Geolitica
- Company type: Private
- Founded: 1 January 2012
- Founders: Jeff Brantingham; George Mohler;
- Headquarters: Santa Cruz, California, U.S.
- Key people: Brian MacDonald (CEO)
- Products: Predictive analytics
- Website: www.predpol.com

= Geolitica =

US predictive policing company

Geolitica, formerly known as PredPol, Inc, is a predictive policing company that attempts to predict property crimes using predictive analytics. PredPol is also the name of the software the company produces.
PredPol began as a project of the Los Angeles Police Department (LAPD) and University of California, Los Angeles professor Jeff Brantingham. PredPol has produced a patented algorithm, which is based on a model used to predict earthquake aftershocks.

As of 2020, PredPol's algorithm is the most commonly used predictive policing algorithm in the U.S. Police departments that use PredPol are given printouts of jurisdiction maps that denote areas where crime has been predicted to occur throughout the day. The Los Angeles Times reported that officers are expected to patrol these areas during their shifts, as the system tracks their movements via the GPS in their patrol cars. Scholar Ruha Benjamin called PredPol a "crime production algorithm," as police officers then more heavily patrol these predicted crime zones, expecting to see crime, which leads to a self-fulfilling prophecy.

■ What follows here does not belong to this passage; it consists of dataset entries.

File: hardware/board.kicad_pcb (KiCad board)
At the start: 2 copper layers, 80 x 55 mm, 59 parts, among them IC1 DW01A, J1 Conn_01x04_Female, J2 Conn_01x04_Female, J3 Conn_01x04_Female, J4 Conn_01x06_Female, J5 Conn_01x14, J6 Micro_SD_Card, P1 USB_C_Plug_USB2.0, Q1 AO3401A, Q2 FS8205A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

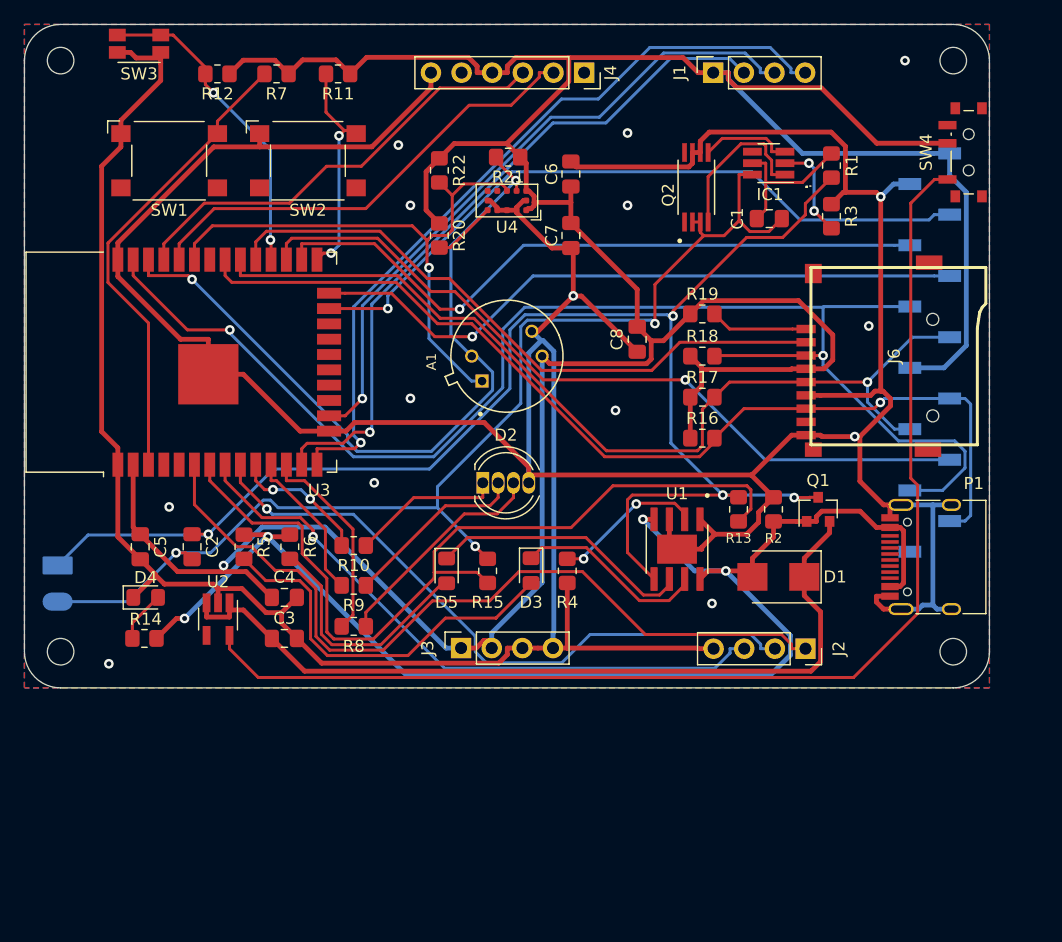
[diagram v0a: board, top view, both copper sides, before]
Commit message: Silkscreen markings added + Minor changes to tracks
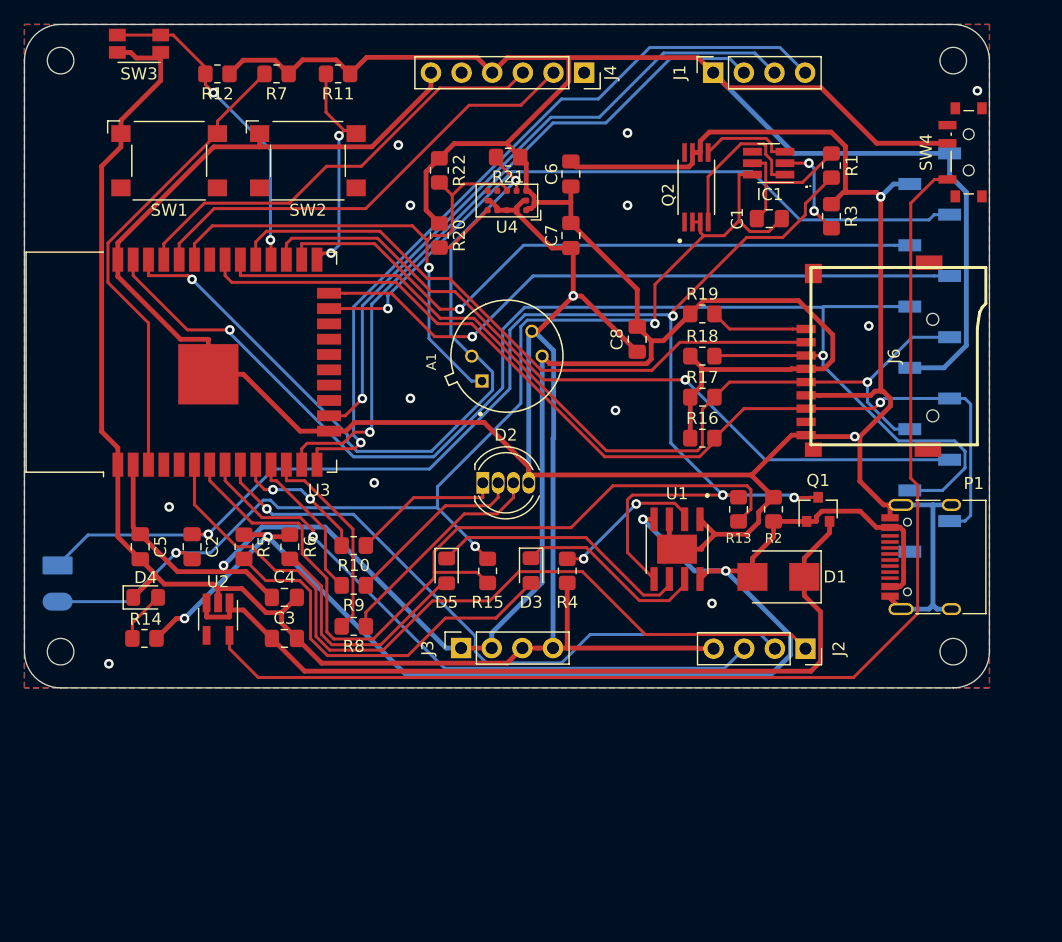
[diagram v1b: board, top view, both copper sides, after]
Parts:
- added REF**: OSHW-Logo2_7.3x6mm_SilkScreen, Symbol:OSHW-Logo2_7.3x6mm_SilkScreen, B.Cu at (111.0, 53.5)
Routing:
- net GND: track 399.5 -> 397.2 mm
- net +3V3: track 282.4 -> 281.5 mm
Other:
- board text added: "InputBlackBoxOutput"

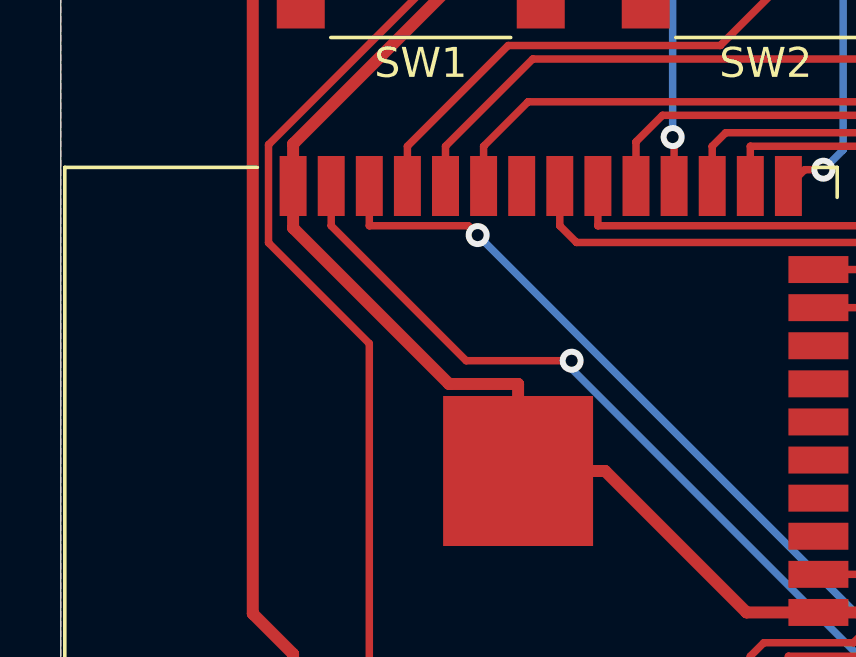
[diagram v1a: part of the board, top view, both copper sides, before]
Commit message: Minor changes to the PCB
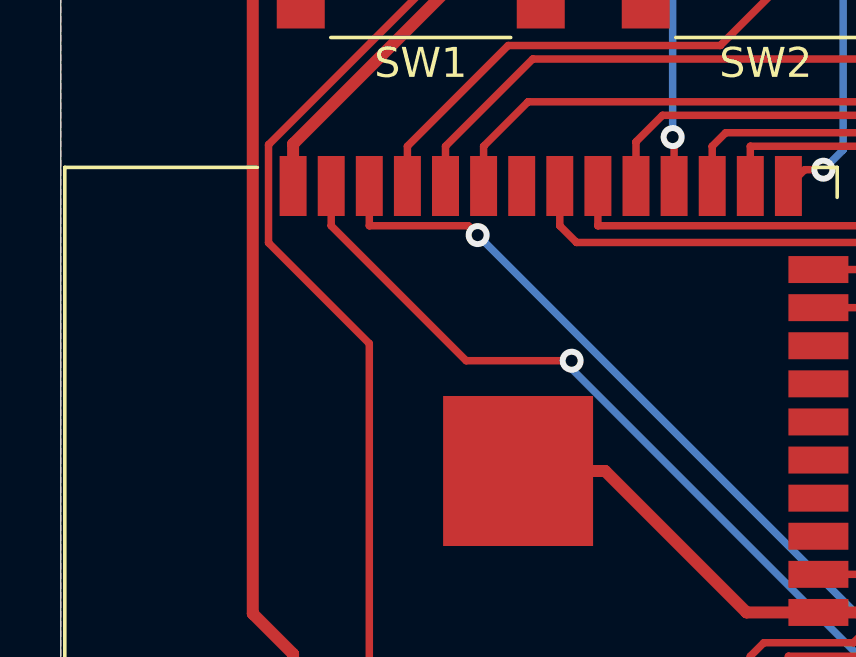
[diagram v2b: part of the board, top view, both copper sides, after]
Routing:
- net GND: track 397.2 -> 383.3 mm

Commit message: CE, FCC, WEEE and OSHW markings added to PCB
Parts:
- removed the REF** at (111.0, 53.5)
- added REF**: OSHW-Logo_5.7x6mm_SilkScreen, Symbol:OSHW-Logo_5.7x6mm_SilkScreen, B.Cu at (162.5, 64.0)
- added REF**: WEEE-Logo_4.2x6mm_SilkScreen, Symbol:WEEE-Logo_4.2x6mm_SilkScreen, B.Cu at (162.5, 70.0)
- added REF**: FCC-Logo_7.3x6mm_SilkScreen, Symbol:FCC-Logo_7.3x6mm_SilkScreen, B.Cu at (162.5, 77.0)
- added REF**: CE-Logo_8.5x6mm_SilkScreen, Symbol:CE-Logo_8.5x6mm_SilkScreen, B.Cu at (162.5, 88.0)
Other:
- board text added: "© Copyright InputBlackBoxOutput"
- board text removed: "InputBlackBoxOutput"

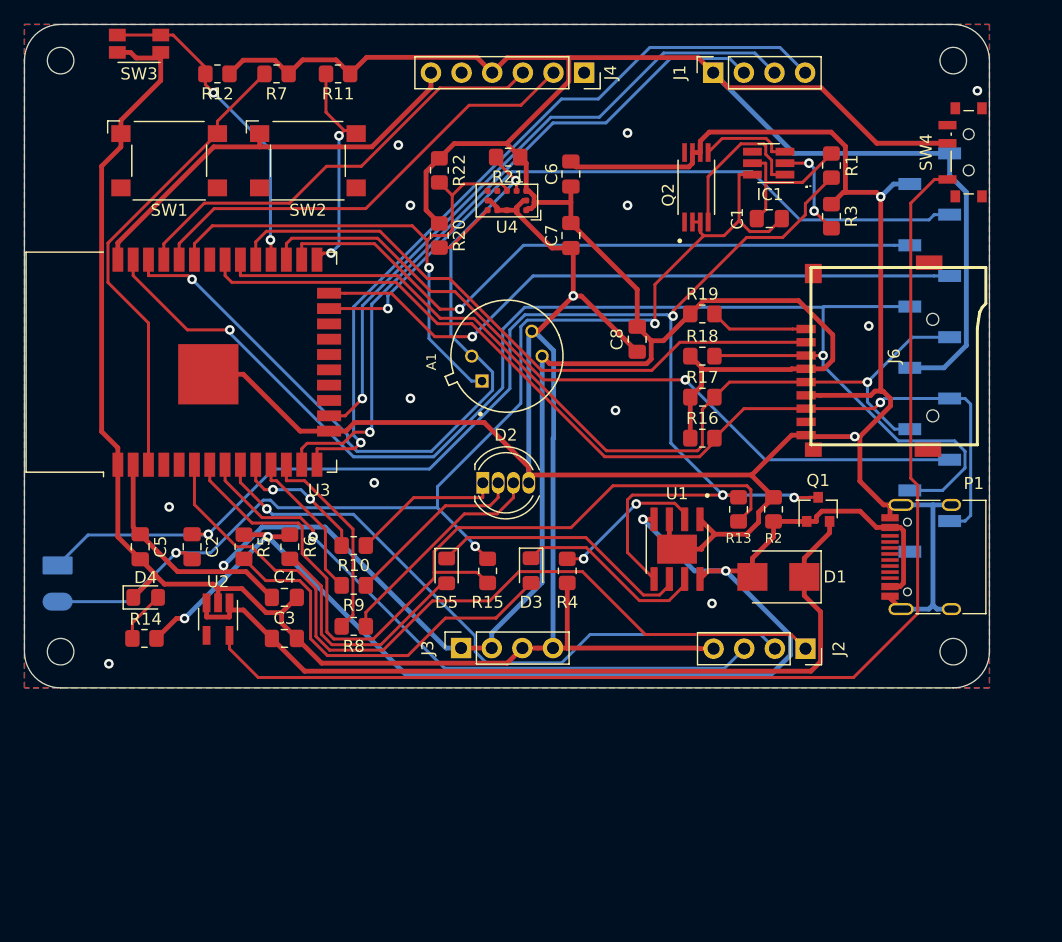
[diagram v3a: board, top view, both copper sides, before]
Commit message: Folder reorganized: hardware
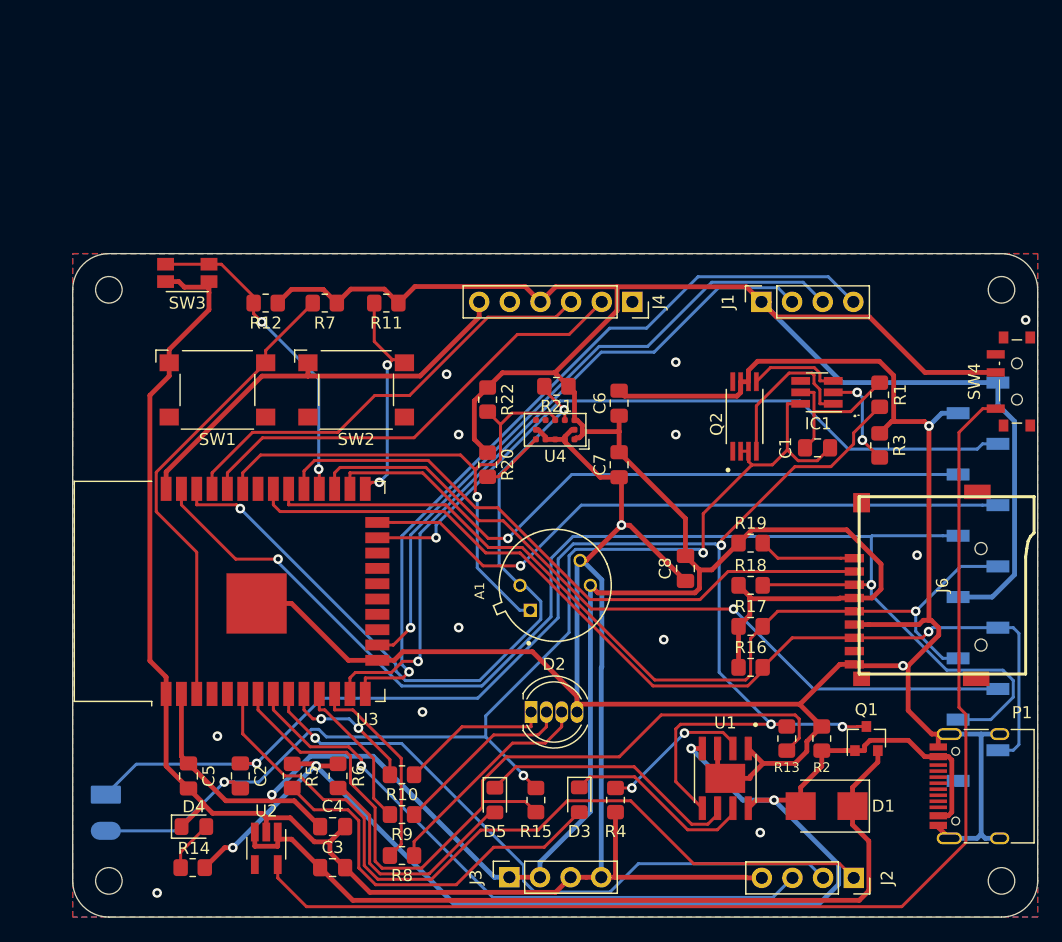
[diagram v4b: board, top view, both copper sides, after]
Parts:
- moved C6 19.4 mm to (150.3, 80.4)
- moved A1 19.4 mm to (145.0, 95.5)
- moved BT1 19.4 mm to (108.0, 111.1)
- moved C1 19.4 mm to (166.8, 84.1)
- moved C2 19.4 mm to (118.9, 111.3)
- moved C3 19.4 mm to (126.5, 118.9)
- moved C4 19.4 mm to (126.5, 115.5)
- moved C5 19.4 mm to (114.6, 111.3)
- moved C7 19.4 mm to (150.3, 85.5)
- moved C8 19.4 mm to (155.8, 94.1)
- moved D1 19.4 mm to (167.5, 113.8)
- moved D2 19.4 mm to (143.0, 106.0)
- moved D3 19.4 mm to (147.0, 113.3)
- moved D4 19.4 mm to (115.0, 115.5)
- moved D5 19.4 mm to (140.0, 113.3)

In an August 2023 earnings call, the CEO of SoundThinking announced that the company had begun the process of absorbing parts of Geolitica, including its engineering team, patents, and customers. According to SoundThinking, Geolitica would cease operations at the end of 2023.

== Controversies ==
PredPol was created in 2010 and was a leading vendor of predictive policing technology by 2012. Smithsonian magazine remarked in 2018 that no independent published research had ever confirmed PredPol's claims of its software's accuracy. In March 2019, the LAPD's internal audit concluded that there were insufficient data to determine if PredPol software helped reduce crime.

In October 2018 Cory Doctorow described the secrecy around identifying which police departments use PredPol. PredPol does not share this information. The information is not accessible to the public. In February 2019 Vice followed up to report that many police departments secretly use PredPol. According to PredPol in 2019, 60 police departments in the U.S. used PredPol, most of which were mid-size agencies of 100 to 200 officers. In 2019, several cities reported cancelling PredPol contracts due to cost. The city of Mountain View, California spent more than $60,000 on the program between 2013 and 2018, and Hagerstown, Maryland spent $15,000 a year on the service until 2018.

In 2016 Mic reported that PredPol inappropriately directs police to minority neighborhoods.

In 2017 Santa Cruz placed a moratorium on the use of predictive policing technology. In 2020, the Santa Cruz City Council banned the use of predictive policing, a move that was supported by a coalition of civil liberties and racial justice groups.

Institutions like the Brennan Center have urged transparency from police departments employing the technology, because in order for policymakers and auditors to evaluate these algorithms, audit logs of who creates and accesses the predictions need to be kept and disclosed.

In April 2020, the Los Angeles Police Department, one of the oldest customers of PredPol, ended its program without being able to measure its effectiveness in reducing crime.

In December 2021, a report was published by Gizmodo and The Markup indicating that PredPol perpetuated racial biases by targeting Latino and Black neighborhoods, while crime predictions for white middle- to upper-class areas were absent.

In October 2023, an investigation by The Markup revealed the crime predictions generated by PredPol's algorithm for the Plainfield Police Department had an accuracy rate less than half of 1%.